And the inability of hobbits and of ourselves too to fence the world out is a reason for thankfulness. It may be that enemies can enter the Shire but so too can friends, and in the case of the High Elves they are such friends as bring blessing beyond conceiving. For the hobbits that night in Woody End this blessing contains protection of course, but also for Sam it is the beginning of the fulfillment of a life long yearning. He has always wanted to see Elves and now they stand before him. The expression on his face, we are told, is one “half of fear and half of astonished joy”. And as for Pippin the whole thing is perhaps too much for him now. He is soon fast asleep but it begins an education that will make him a mighty hero.

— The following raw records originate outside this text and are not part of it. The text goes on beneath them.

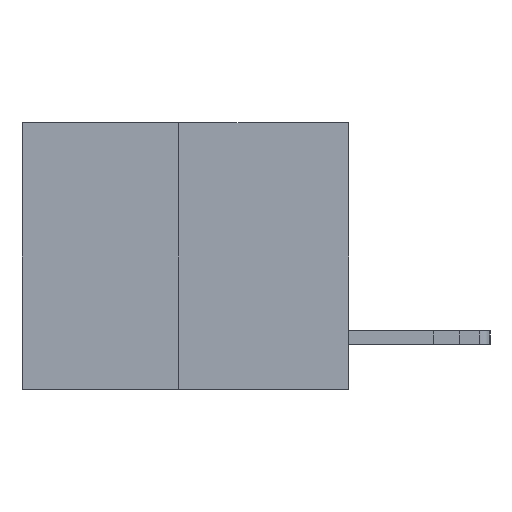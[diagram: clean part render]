
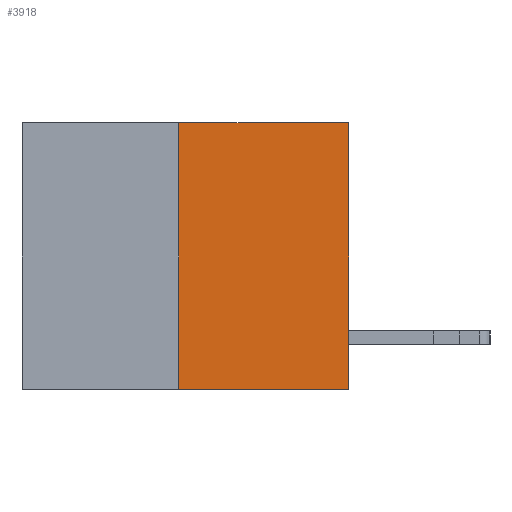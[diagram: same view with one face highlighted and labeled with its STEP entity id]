
A CAD part, left-side view. The second image highlights one B-rep face of the part: STEP entity #3918.
In plain terms, the highlighted planar face has unit normal (-1, 0, 0).
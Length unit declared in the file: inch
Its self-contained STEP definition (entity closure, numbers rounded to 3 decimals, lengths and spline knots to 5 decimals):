
#718 = VERTEX_POINT ( 'NONE', #800 ) ;
#800 = CARTESIAN_POINT ( 'NONE',  ( 0., 0., 0. ) ) ;
#1164 = DIRECTION ( 'NONE',  ( 0., 0., 1. ) ) ;
#1301 = EDGE_CURVE ( 'NONE', #16529, #718, #8580, .T. ) ;
#1456 = CARTESIAN_POINT ( 'NONE',  ( 0., 0.312, 0. ) ) ;
#1638 = ORIENTED_EDGE ( 'NONE', *, *, #17631, .F. ) ;
#1670 = CARTESIAN_POINT ( 'NONE',  ( 0., 0.6, -0.49 ) ) ;
#2375 = LINE ( 'NONE', #6991, #2595 ) ;
#2595 = VECTOR ( 'NONE', #15046, 39.37008 ) ;
#2762 = DIRECTION ( 'NONE',  ( 0., 0., -1. ) ) ;
#3060 = AXIS2_PLACEMENT_3D ( 'NONE', #9530, #8170, #2762 ) ;
#3918 = ADVANCED_FACE ( 'NONE', ( #3947 ), #4250, .F. ) ;
#3947 = FACE_OUTER_BOUND ( 'NONE', #6939, .T. ) ;
#4250 = PLANE ( 'NONE',  #3060 ) ;
#4270 = ORIENTED_EDGE ( 'NONE', *, *, #15311, .T. ) ;
#6939 = EDGE_LOOP ( 'NONE', ( #1638, #4270, #10290, #8463 ) ) ;
#6991 = CARTESIAN_POINT ( 'NONE',  ( 0., 0.6, 0. ) ) ;
#7697 = LINE ( 'NONE', #16388, #17080 ) ;
#8132 = VECTOR ( 'NONE', #1164, 39.37008 ) ;
#8170 = DIRECTION ( 'NONE',  ( 1., 0., 0. ) ) ;
#8452 = VERTEX_POINT ( 'NONE', #13765 ) ;
#8463 = ORIENTED_EDGE ( 'NONE', *, *, #13784, .F. ) ;
#8580 = LINE ( 'NONE', #12136, #8132 ) ;
#9530 = CARTESIAN_POINT ( 'NONE',  ( 0., 0.6, 0. ) ) ;
#10114 = VECTOR ( 'NONE', #14208, 39.37008 ) ;
#10290 = ORIENTED_EDGE ( 'NONE', *, *, #1301, .T. ) ;
#11503 = VERTEX_POINT ( 'NONE', #1456 ) ;
#12136 = CARTESIAN_POINT ( 'NONE',  ( 0., 0., 0. ) ) ;
#12927 = CARTESIAN_POINT ( 'NONE',  ( 0., 0., -0.49 ) ) ;
#13611 = DIRECTION ( 'NONE',  ( 0., 0., 1. ) ) ;
#13765 = CARTESIAN_POINT ( 'NONE',  ( 0., 0.312, -0.49 ) ) ;
#13780 = LINE ( 'NONE', #1670, #10114 ) ;
#13784 = EDGE_CURVE ( 'NONE', #11503, #718, #2375, .T. ) ;
#14208 = DIRECTION ( 'NONE',  ( 0., -1., 0. ) ) ;
#15046 = DIRECTION ( 'NONE',  ( 0., -1., 0. ) ) ;
#15311 = EDGE_CURVE ( 'NONE', #8452, #16529, #13780, .T. ) ;
#16388 = CARTESIAN_POINT ( 'NONE',  ( 0., 0.312, -0.49 ) ) ;
#16529 = VERTEX_POINT ( 'NONE', #12927 ) ;
#17080 = VECTOR ( 'NONE', #13611, 39.37008 ) ;
#17631 = EDGE_CURVE ( 'NONE', #8452, #11503, #7697, .T. ) ;
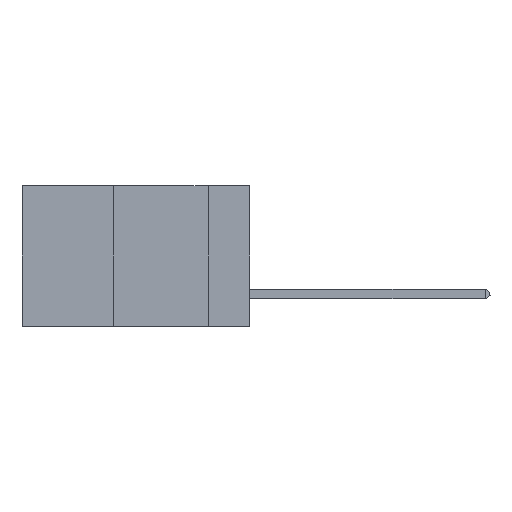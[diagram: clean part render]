
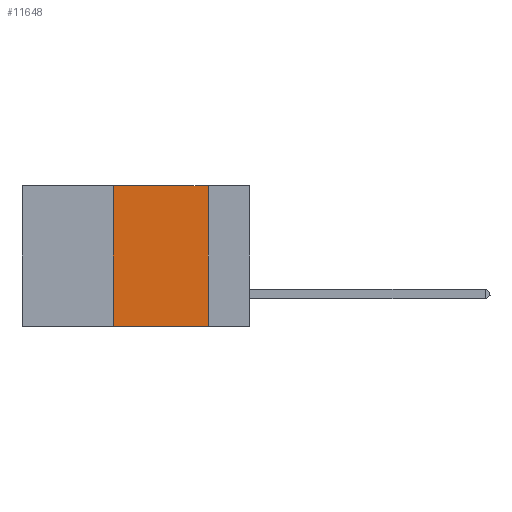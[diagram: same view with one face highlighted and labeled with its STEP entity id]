
A CAD part, left-side view. The second image highlights one B-rep face of the part: STEP entity #11648.
In plain terms, the highlighted planar face has unit normal (-1, 0, 0).
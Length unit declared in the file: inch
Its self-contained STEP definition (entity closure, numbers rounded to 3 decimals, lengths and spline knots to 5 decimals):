
#1155 = DIRECTION ( 'NONE',  ( 1., 0., 0. ) ) ;
#1244 = CARTESIAN_POINT ( 'NONE',  ( 0., 0.6, 0. ) ) ;
#1727 = VERTEX_POINT ( 'NONE', #31482 ) ;
#2576 = EDGE_CURVE ( 'NONE', #19362, #5689, #29293, .T. ) ;
#3486 = EDGE_CURVE ( 'NONE', #5689, #30934, #29793, .T. ) ;
#4791 = DIRECTION ( 'NONE',  ( 0., 0., -1. ) ) ;
#5689 = VERTEX_POINT ( 'NONE', #37318 ) ;
#7985 = CARTESIAN_POINT ( 'NONE',  ( 0., 0.36, 0. ) ) ;
#8799 = DIRECTION ( 'NONE',  ( 0., -1., 0. ) ) ;
#11648 = ADVANCED_FACE ( 'NONE', ( #40458 ), #43746, .F. ) ;
#11714 = CARTESIAN_POINT ( 'NONE',  ( 0., 0.6, 0. ) ) ;
#13780 = LINE ( 'NONE', #19906, #23969 ) ;
#19362 = VERTEX_POINT ( 'NONE', #23614 ) ;
#19906 = CARTESIAN_POINT ( 'NONE',  ( 0., 0.11, 0. ) ) ;
#20366 = EDGE_CURVE ( 'NONE', #19362, #1727, #34379, .T. ) ;
#20724 = DIRECTION ( 'NONE',  ( 0., -1., 0. ) ) ;
#23614 = CARTESIAN_POINT ( 'NONE',  ( 0., 0.36, -0.37 ) ) ;
#23969 = VECTOR ( 'NONE', #30543, 39.37008 ) ;
#25206 = ORIENTED_EDGE ( 'NONE', *, *, #2576, .F. ) ;
#29293 = LINE ( 'NONE', #7985, #39903 ) ;
#29318 = DIRECTION ( 'NONE',  ( 0., 0., 1. ) ) ;
#29793 = LINE ( 'NONE', #1244, #38149 ) ;
#30543 = DIRECTION ( 'NONE',  ( 0., 0., -1. ) ) ;
#30934 = VERTEX_POINT ( 'NONE', #32975 ) ;
#31482 = CARTESIAN_POINT ( 'NONE',  ( 0., 0.11, -0.37 ) ) ;
#32831 = EDGE_CURVE ( 'NONE', #30934, #1727, #13780, .T. ) ;
#32975 = CARTESIAN_POINT ( 'NONE',  ( 0., 0.11, 0. ) ) ;
#34379 = LINE ( 'NONE', #45526, #40491 ) ;
#37226 = ORIENTED_EDGE ( 'NONE', *, *, #3486, .F. ) ;
#37318 = CARTESIAN_POINT ( 'NONE',  ( 0., 0.36, 0. ) ) ;
#37956 = EDGE_LOOP ( 'NONE', ( #38000, #37226, #25206, #45417 ) ) ;
#38000 = ORIENTED_EDGE ( 'NONE', *, *, #32831, .F. ) ;
#38149 = VECTOR ( 'NONE', #8799, 39.37008 ) ;
#39903 = VECTOR ( 'NONE', #29318, 39.37008 ) ;
#40046 = AXIS2_PLACEMENT_3D ( 'NONE', #11714, #1155, #4791 ) ;
#40458 = FACE_OUTER_BOUND ( 'NONE', #37956, .T. ) ;
#40491 = VECTOR ( 'NONE', #20724, 39.37008 ) ;
#43746 = PLANE ( 'NONE',  #40046 ) ;
#45417 = ORIENTED_EDGE ( 'NONE', *, *, #20366, .T. ) ;
#45526 = CARTESIAN_POINT ( 'NONE',  ( 0., 0.6, -0.37 ) ) ;
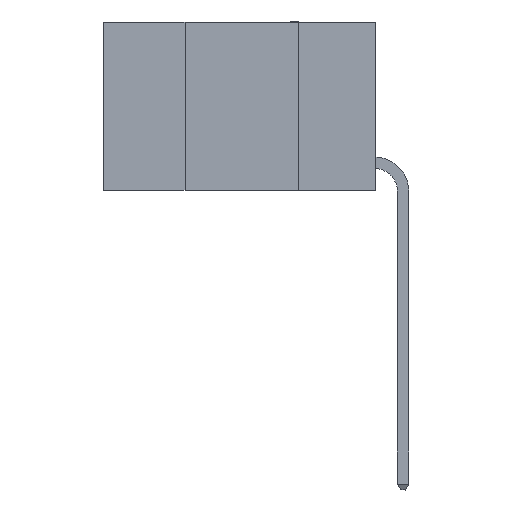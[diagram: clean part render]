
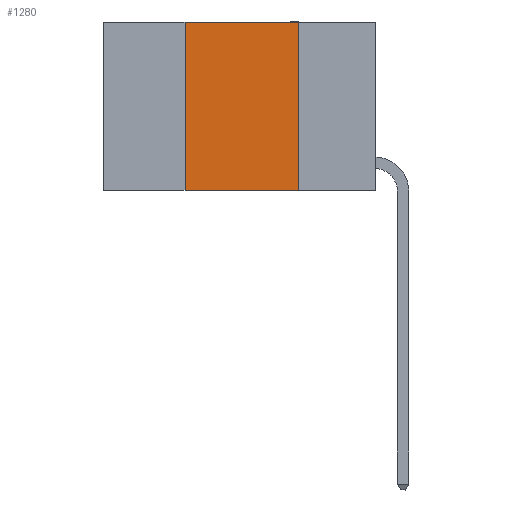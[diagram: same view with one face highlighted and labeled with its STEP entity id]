
A CAD part, left-side view. The second image highlights one B-rep face of the part: STEP entity #1280.
In plain terms, the highlighted planar face has unit normal (-1, 0, 0).
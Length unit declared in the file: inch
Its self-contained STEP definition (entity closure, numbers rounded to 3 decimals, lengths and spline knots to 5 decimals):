
#1278 = LINE ( 'NONE', #7943, #14317 ) ;
#1280 = ADVANCED_FACE ( 'NONE', ( #15833 ), #7413, .F. ) ;
#1380 = AXIS2_PLACEMENT_3D ( 'NONE', #17080, #24593, #13249 ) ;
#3703 = VERTEX_POINT ( 'NONE', #11118 ) ;
#4055 = EDGE_CURVE ( 'NONE', #5402, #6622, #11048, .T. ) ;
#5296 = VECTOR ( 'NONE', #23433, 39.37008 ) ;
#5402 = VERTEX_POINT ( 'NONE', #16077 ) ;
#6622 = VERTEX_POINT ( 'NONE', #12313 ) ;
#7413 = PLANE ( 'NONE',  #1380 ) ;
#7943 = CARTESIAN_POINT ( 'NONE',  ( 0., 0.42, 0. ) ) ;
#9412 = EDGE_CURVE ( 'NONE', #3703, #13310, #18247, .T. ) ;
#9907 = DIRECTION ( 'NONE',  ( 0., 0., 1. ) ) ;
#10829 = CARTESIAN_POINT ( 'NONE',  ( 0., 0.6, 0. ) ) ;
#11048 = LINE ( 'NONE', #15926, #5296 ) ;
#11118 = CARTESIAN_POINT ( 'NONE',  ( 0., 0.42, 0. ) ) ;
#11394 = ORIENTED_EDGE ( 'NONE', *, *, #9412, .F. ) ;
#12078 = EDGE_CURVE ( 'NONE', #13310, #6622, #22487, .T. ) ;
#12313 = CARTESIAN_POINT ( 'NONE',  ( 0., 0.17, -0.37 ) ) ;
#12782 = DIRECTION ( 'NONE',  ( 0., -1., 0. ) ) ;
#13189 = CARTESIAN_POINT ( 'NONE',  ( 0., 0.17, 0. ) ) ;
#13249 = DIRECTION ( 'NONE',  ( 0., 0., -1. ) ) ;
#13310 = VERTEX_POINT ( 'NONE', #20943 ) ;
#13717 = ORIENTED_EDGE ( 'NONE', *, *, #19906, .F. ) ;
#14317 = VECTOR ( 'NONE', #9907, 39.37008 ) ;
#14486 = ORIENTED_EDGE ( 'NONE', *, *, #12078, .F. ) ;
#15833 = FACE_OUTER_BOUND ( 'NONE', #16871, .T. ) ;
#15926 = CARTESIAN_POINT ( 'NONE',  ( 0., 0.6, -0.37 ) ) ;
#16077 = CARTESIAN_POINT ( 'NONE',  ( 0., 0.42, -0.37 ) ) ;
#16871 = EDGE_LOOP ( 'NONE', ( #14486, #11394, #13717, #22894 ) ) ;
#17080 = CARTESIAN_POINT ( 'NONE',  ( 0., 0.6, 0. ) ) ;
#17530 = VECTOR ( 'NONE', #20869, 39.37008 ) ;
#18247 = LINE ( 'NONE', #10829, #22628 ) ;
#19906 = EDGE_CURVE ( 'NONE', #5402, #3703, #1278, .T. ) ;
#20869 = DIRECTION ( 'NONE',  ( 0., 0., -1. ) ) ;
#20943 = CARTESIAN_POINT ( 'NONE',  ( 0., 0.17, 0. ) ) ;
#22487 = LINE ( 'NONE', #13189, #17530 ) ;
#22628 = VECTOR ( 'NONE', #12782, 39.37008 ) ;
#22894 = ORIENTED_EDGE ( 'NONE', *, *, #4055, .T. ) ;
#23433 = DIRECTION ( 'NONE',  ( 0., -1., 0. ) ) ;
#24593 = DIRECTION ( 'NONE',  ( 1., 0., 0. ) ) ;

And this is so for Frodo too. Gildor names him Elf Friend and this is not a title lightly given. Elrond of Rivendell will later say this of him at the Council that “though all the mighty elf-friends of old, Hador, and Húrin, and Túrin, and Beren himself were assembled together, your seat should be among them.” The elves gave this title for those heroes who made common cause with them in the age long struggle against the dark. Elrond names some of them whose stories are told in The Silmarillion and other places but he could also have named his own father, Eàrendil, and Elendil, high king of Gondor and Arnor and Aragorn too.

And why is Frodo named among them? He is not a mighty warrior, doing great deeds in battle. He will never sweep all his enemies from the field in a glorious charge of knights. It is not for this reason that Elrond names him among the company of heroes. No, the reason why Frodo is so named is because of the deed that he offers to do and the price that he is prepared to pay in order to do it. Gildor rightly judges that Frodo does not yet know the full scale of this but one might say that this was true of Beren before he set out to win a silmaril from the iron crown of Morgoth. But like Beren Frodo has made the great choice. He will accomplish the task that he chooses to do and is in turn chosen for or he will be overthrown or even die in the attempt.

And the task is truly great as well. He will seek to destroy the Ring which, if it were to fall into the hands of the Dark Lord, would lead to the final victory of darkness over Middle-earth. Day by day he will conquer his fear. Day by day he will fight the growing desire of the Ring to return to its maker, a desire that will make the carrying of this burden intolerable. Eventually he will be cast down by the Ring but this will not happen until another undreamt of means will be provided to accomplish the Ring’s destruction.

It is for this reason that Elrond will confirm that he is truly an Elf-friend. Gildor knows far less than Elrond but even without the knowledge that Elrond has he perceives the greatness of the story in which he was been called upon to play a part and the greatness of the person who he has taken under his protection as well.